Exercise aim:
In the listing below, find each line with the string "along" and report it.

Data records:
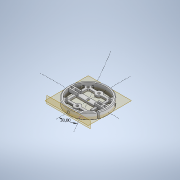
# Autodesk Inventor part: Electro_esp32_up
Saved by Autodesk Inventor 2020 (Build 240168000, 168)
## iProperties
Created: 2020-09-03
Part Number: Electro_esp32_up
Material: Generisch
Document SubType Name: Modeling
Designer: sp
Density: 1 g/cm^3
Appearance: Vorgabe
Author: sp
## iProperties of the stored document _3D-Druck.ipt
Created: 2020-09-03
Part Number: _3D-Druck
Material: Generisch
Document SubType Name: Modeling
Designer: sp
Density: 1 g/cm^3
Appearance: Vorgabe
Author: sp
Autodesk Inventor part; units mm, degrees
ref_plane "YZ Plane" through (0, 0, 0) normal (1, 0, 0) x (0, 1, 0)
sketch "Skizze1" plane through (0, 0, 0) normal (0, 1, 0) x (-1, 0, 0)
  circle A0 centre (0, 0) radius 30
  circle A1 centre (0, 0) radius 27
  dimension "d0" = 60
  dimension "d1" = 54
  constraints: 2 centre point, 2 coincident
  measures "d0" diameter of A0
  measures "d1" diameter of A1
extrude "Extrusion1" add sketch "Skizze1" along normal mid plane 10
ref_plane "Arbeitsebene1" through (0, 0, 0) normal (0, 1, 0) x (-1, 0, 0)
chamfer "Fase1" distance 1 angle 45 2 edges at (30, 5, 0) (30, -5, 0)
sketch "Skizze2" plane through (0, 0, 0) normal (0, 1, 0) x (-1, 0, 0)
  line L0 (0, 42.2301) -> (0, -36.7007) construction
  line L1 (32.6355, 0) -> (-32.6355, 0) construction
  line L2 (16.5, 34.419) -> (16.5, -40.3324) construction
  line L3 (-16.5, 35.4304) -> (-16.5, -34.8157) construction
  line L4 (23.5881, 16.5) -> (-32.0387, 16.5) construction
  line L5 (23.5881, -16.5) -> (-39.8541, -16.5) construction
  circle A0 centre (16.5, -16.5) radius 1.75
  circle A1 centre (16.5, 16.5) radius 1.75
  circle A2 centre (-16.5, 16.5) radius 1.75
  circle A3 centre (-16.5, -16.5) radius 1.75
  circle A4 centre (-16.5, 16.5) radius 3.6749
  circle A5 centre (-16.5, -16.5) radius 3.7161
  circle A6 centre (16.5, -16.5) radius 3.7
  circle A7 centre (16.5, 16.5) radius 3.6747
  point P0 (0, 0)
  dimension "d8" = 33
  dimension "d9" = 33
  dimension "d10" = 3.5
  dimension "d11" = 3.5
  dimension "d12" = 3.5
  dimension "d13" = 3.5
  constraints: 12 end point, 9 point on line, 8 centre point, 4 coincident, 3 horizontal, 3 vertical, 1 midpoint, 2 other
  measures "d8" distance between parallel lines of L3 L2
  measures "d9" distance between parallel lines of L4 L5
  measures "d10" diameter of A0
  measures "d11" diameter of A1
  measures "d12" diameter of A2
  measures "d13" diameter of A3
extrude "Extrusion2" add sketch "Skizze2" along normal mid plane 3
fillet "Rundung1" radius 2 16 edges at (-18.7043, 0.75, -19.4718) (-19.4718, 0.75, -18.7043) (-18.7043, -0.75, -19.4718) (-19.4718, -0.75, -18.7043) (-19.289, 0.75, 18.8927) (-18.8927, 0.75, 19.289) (-19.289, -0.75, 18.8927) (-18.8927, -0.75, 19.289) (18.8904, 0.75, 19.2913) (19.2913, 0.75, 18.8904) (18.8904, -0.75, 19.2913) (19.2913, -0.75, 18.8904) (19.551, 0.75, -18.6215) (18.6215, 0.75, -19.551) (19.551, -0.75, -18.6215) (18.6215, -0.75, -19.551)
sketch "Skizze3" plane through (0, 0, 0) normal (0, 1, 0) x (-1, 0, 0)
  circle A0 centre (-16.5, -16.5) radius 1.75 projected
  line L0 (16.5712, -18.25) -> (-16.5, -18.25)
  line L1 (-16.5, -18.25) -> (-16.5, -14.75)
  line L2 (-16.5, -14.75) -> (16.5712, -14.75)
  line L3 (16.5712, -14.75) -> (16.5712, -18.25)
  circle A1 centre (-16.5, 16.5) radius 1.75 projected
  line L4 (-18.25, 16.5) -> (-14.75, 16.5)
  line L5 (-14.75, 16.5) -> (-14.75, -16.5)
  line L6 (-14.75, -16.5) -> (-18.25, -16.5)
  line L7 (-18.25, -16.5) -> (-18.25, 16.5)
  circle A2 centre (16.5, 16.5) radius 1.75 projected
  line L8 (16.5, 14.75) -> (-16.8045, 14.75)
  line L9 (-16.8045, 14.75) -> (-16.8045, 18.2233)
  line L10 (-16.8045, 18.2233) -> (16.5, 18.2233)
  line L11 (16.5, 18.2233) -> (16.5, 14.75)
  circle A3 centre (-16.5, -16.5) radius 1.75 projected
  circle A4 centre (16.5, -16.5) radius 1.75 projected
  line L12 (18.25, -16.5) -> (14.75, -16.5)
  line L13 (14.75, -16.5) -> (14.75, 16.5)
  line L14 (14.75, 16.5) -> (18.25, 16.5)
  line L15 (18.25, 16.5) -> (18.25, -16.5)
  point P0 (0, 0)
  point P1 (14.75, -14.75)
  point P2 (-14.75, -14.75)
  point P3 (16.5, -18.25)
  point P4 (14.75, 14.75)
  point P5 (16.1955, 18.2233)
  point P6 (-16.1955, 18.2233)
  point P7 (-14.75, 14.75)
  point P8 (16.5712, -14.7514)
  point P9 (-16.8045, 14.7767)
  constraints: 32 end point, 8 parallel, 7 point on circle, 4 horizontal, 4 perpendicular, 2 other
extrude "Extrusion3" add sketch "Skizze3" against normal mid plane 3 contours L5 L2 L13 A4 L0 A0 | A0 L7 A1 L9 L8 L5 L2 | L13 L8 A2 L15 A4 L2 | L5 A1 L10 A2 L13 L8
ref_plane "Arbeitsebene2" through (0, 0, 30) normal (0, 0, 1) x (1, 0, 0)
sketch "Skizze4" plane through (0, 0, 30) normal (0, 0, 1) x (1, 0, 0)
  circle A0 centre (0, 0) radius 1.75
  dimension "d20" = 3.5
  constraints: 1 centre point, 1 coincident
  measures "d20" diameter of A0
extrude "Extrusion4" cut sketch "Skizze4" against normal blind 5
sketch "Skizze6" plane through (0, 0, 0) normal (0, 1, 0) x (-1, 0, 0)
  line L0 (0, 50.1563) -> (0, -65.6092) construction
  line L1 (-47.8971, 0) -> (73.2619, 0) construction
  line L2 (-30.0527, 52.0529) -> (47.8935, -82.954) construction
  point P0 (0, 0)
  point P1 (-14.9945, 25.9712)
  dimension "d24" = 30
  constraints: 6 end point, 4 point on line, 1 horizontal, 1 vertical
  measures "d24" angle of L2 L0
pattern_circular "Runde Anordnung2" count 3 over 360 about axis through (0, -10, 0) along (0, 1, 0) of "Extrusion4"
sketch "Skizze7" plane through (0, 0, 0) normal (0, 1, 0) x (-1, 0, 0)
  line L0 (28, -3.5) -> (13, -3.5)
  line L1 (13, -3.5) -> (13, -1.5)
  line L2 (13, -1.5) -> (28, -1.5)
  line L3 (28, -1.5) -> (28, -3.5)
  line L4 (28, 3.5) -> (13, 3.5)
  line L5 (13, 3.5) -> (13, 1.5)
  line L6 (13, 1.5) -> (28, 1.5)
  line L7 (28, 1.5) -> (28, 3.5)
  line L8 (47.9348, 0) -> (-36.1073, 0) construction
  line L9 (0, 34.6258) -> (0, -35.7568) construction
  line L10 (21, 3.5) -> (23, 3.5)
  line L11 (23, 3.5) -> (23, -3.5)
  line L12 (23, -3.5) -> (21, -3.5)
  line L13 (21, -3.5) -> (21, 3.5)
  point P0 (0, 0)
  point P1 (21, 1.5)
  point P2 (21, -1.5)
  point P3 (23, -1.5)
  point P4 (23, 1.5)
  dimension "d31" = 2
  dimension "d32" = 3
  dimension "d33" = 2
  dimension "d34" = 15
  dimension "d35" = 13
  dimension "d40" = 2
  dimension "d41" = 21
  constraints: 28 end point, 6 point on line, 5 parallel, 4 horizontal, 3 perpendicular, 1 vertical, 1 other
  measures "d31" distance of L4.end L5.end
  measures "d32" distance between parallel lines of L6 L2
  measures "d33" distance of L0.end L1.end
  measures "d34" distance of L0.start L0.end
  measures "d35" distance from line of point (0, 0) L5
  measures "d40" distance between parallel lines of L11 L13
  measures "d41" distance between parallel lines of L9 L13
extrude "Extrusion5" add sketch "Skizze7" along normal blind 5
mirror "Spiegeln1" about plane through (0, 0, 0) normal (1, 0, 0) of "Extrusion5"
sketch "Skizze8" plane through (0, -1.5, 0) normal (0, -1, 0) x (1, 0, 0)
  line L0 (-14.75, -13.24) -> (-14.75, 13.2687) projected
  line L1 (14.75, -13.2218) -> (14.75, -3.5) projected
  line L2 (-14.75, 3.5) -> (14.75, 3.5)
  line L3 (14.75, 3.5) -> (14.75, -3.5)
  line L4 (14.75, -3.5) -> (-14.75, -3.5)
  line L5 (-14.75, -3.5) -> (-14.75, 3.5)
  line L6 (-14.75, 3.5) -> (-13, 3.5) projected
  point P0 (0, 0)
  constraints: 8 end point, 2 parallel, 2 point on line, 1 horizontal, 1 perpendicular
extrude "Extrusion6" add sketch "Skizze8" against normal blind 3
sketch "Skizze9" plane through (0, -1.5, 0) normal (0, -1, 0) x (1, 0, 0)
  circle A0 centre (0, 0) radius 1.75
  dimension "d42" = 3.5
  constraints: 1 centre point, 1 coincident
  measures "d42" diameter of A0
extrude "Extrusion7" cut sketch "Skizze9" against normal blind 10
sketch "Skizze10" plane through (0, -1.5, 0) normal (0, -1, 0) x (1, 0, 0)
  circle A0 centre (0, 16.5) radius 1.75
  circle A1 centre (0, 16.5) radius 5
  point P0 (0, 0)
  dimension "d45" = 3.5
  dimension "d46" = 10
  constraints: 2 centre point, 1 coincident
  measures "d45" diameter of A0
  measures "d46" diameter of A1
extrude "Extrusion8" add sketch "Skizze10" against normal blind 3
sketch "Skizze11" plane through (0, -1.5, 0) normal (0, -1, 0) x (1, 0, 0)
  arc A0 (4.6936, 18.2233) -> (-4.6936, 18.2233) centre (0, 16.5) ccw projected
  circle A1 centre (0, 16.5) radius 1.75
  point P0 (0, 0)
  dimension "d49" = 3.5
  constraints: 1 centre point, 1 coincident
  measures "d49" diameter of A1
extrude "Extrusion9" cut sketch "Skizze11" against normal blind 3
mirror "Spiegeln2" about plane through (0, 0, 0) normal (0, 0, 1) of "Extrusion8"
mirror "Spiegeln3" about plane through (0, 0, 0) normal (0, 0, 1) of "Extrusion9"
sketch "Skizze12" plane through (0, -5, 0) normal (0, -1, 0) x (1, 0, 0)
  line L0 (14.75, 3.5) -> (14.75, 13.2685) projected
  line L1 (14.75, 13.2685) -> (31.4011, 13.2685)
  line L2 (31.4011, 13.2685) -> (31.4011, 11.2685)
  line L3 (31.4011, 11.2685) -> (14.75, 11.2685)
  line L4 (14.75, 11.2685) -> (14.75, 13.2685)
  point P0 (0, 0)
  dimension "d52" = 2
  constraints: 8 end point, 2 parallel, 1 horizontal, 1 perpendicular
  measures "d52" distance of L1.end L2.end
extrude "Extrusion10" cut sketch "Skizze12" against normal blind 10

Answer section:
extrude "Extrusion1" add sketch "Skizze1" along normal mid plane 10
extrude "Extrusion2" add sketch "Skizze2" along normal mid plane 3
pattern_circular "Runde Anordnung2" count 3 over 360 about axis through (0, -10, 0) along (0, 1, 0) of "Extrusion4"
extrude "Extrusion5" add sketch "Skizze7" along normal blind 5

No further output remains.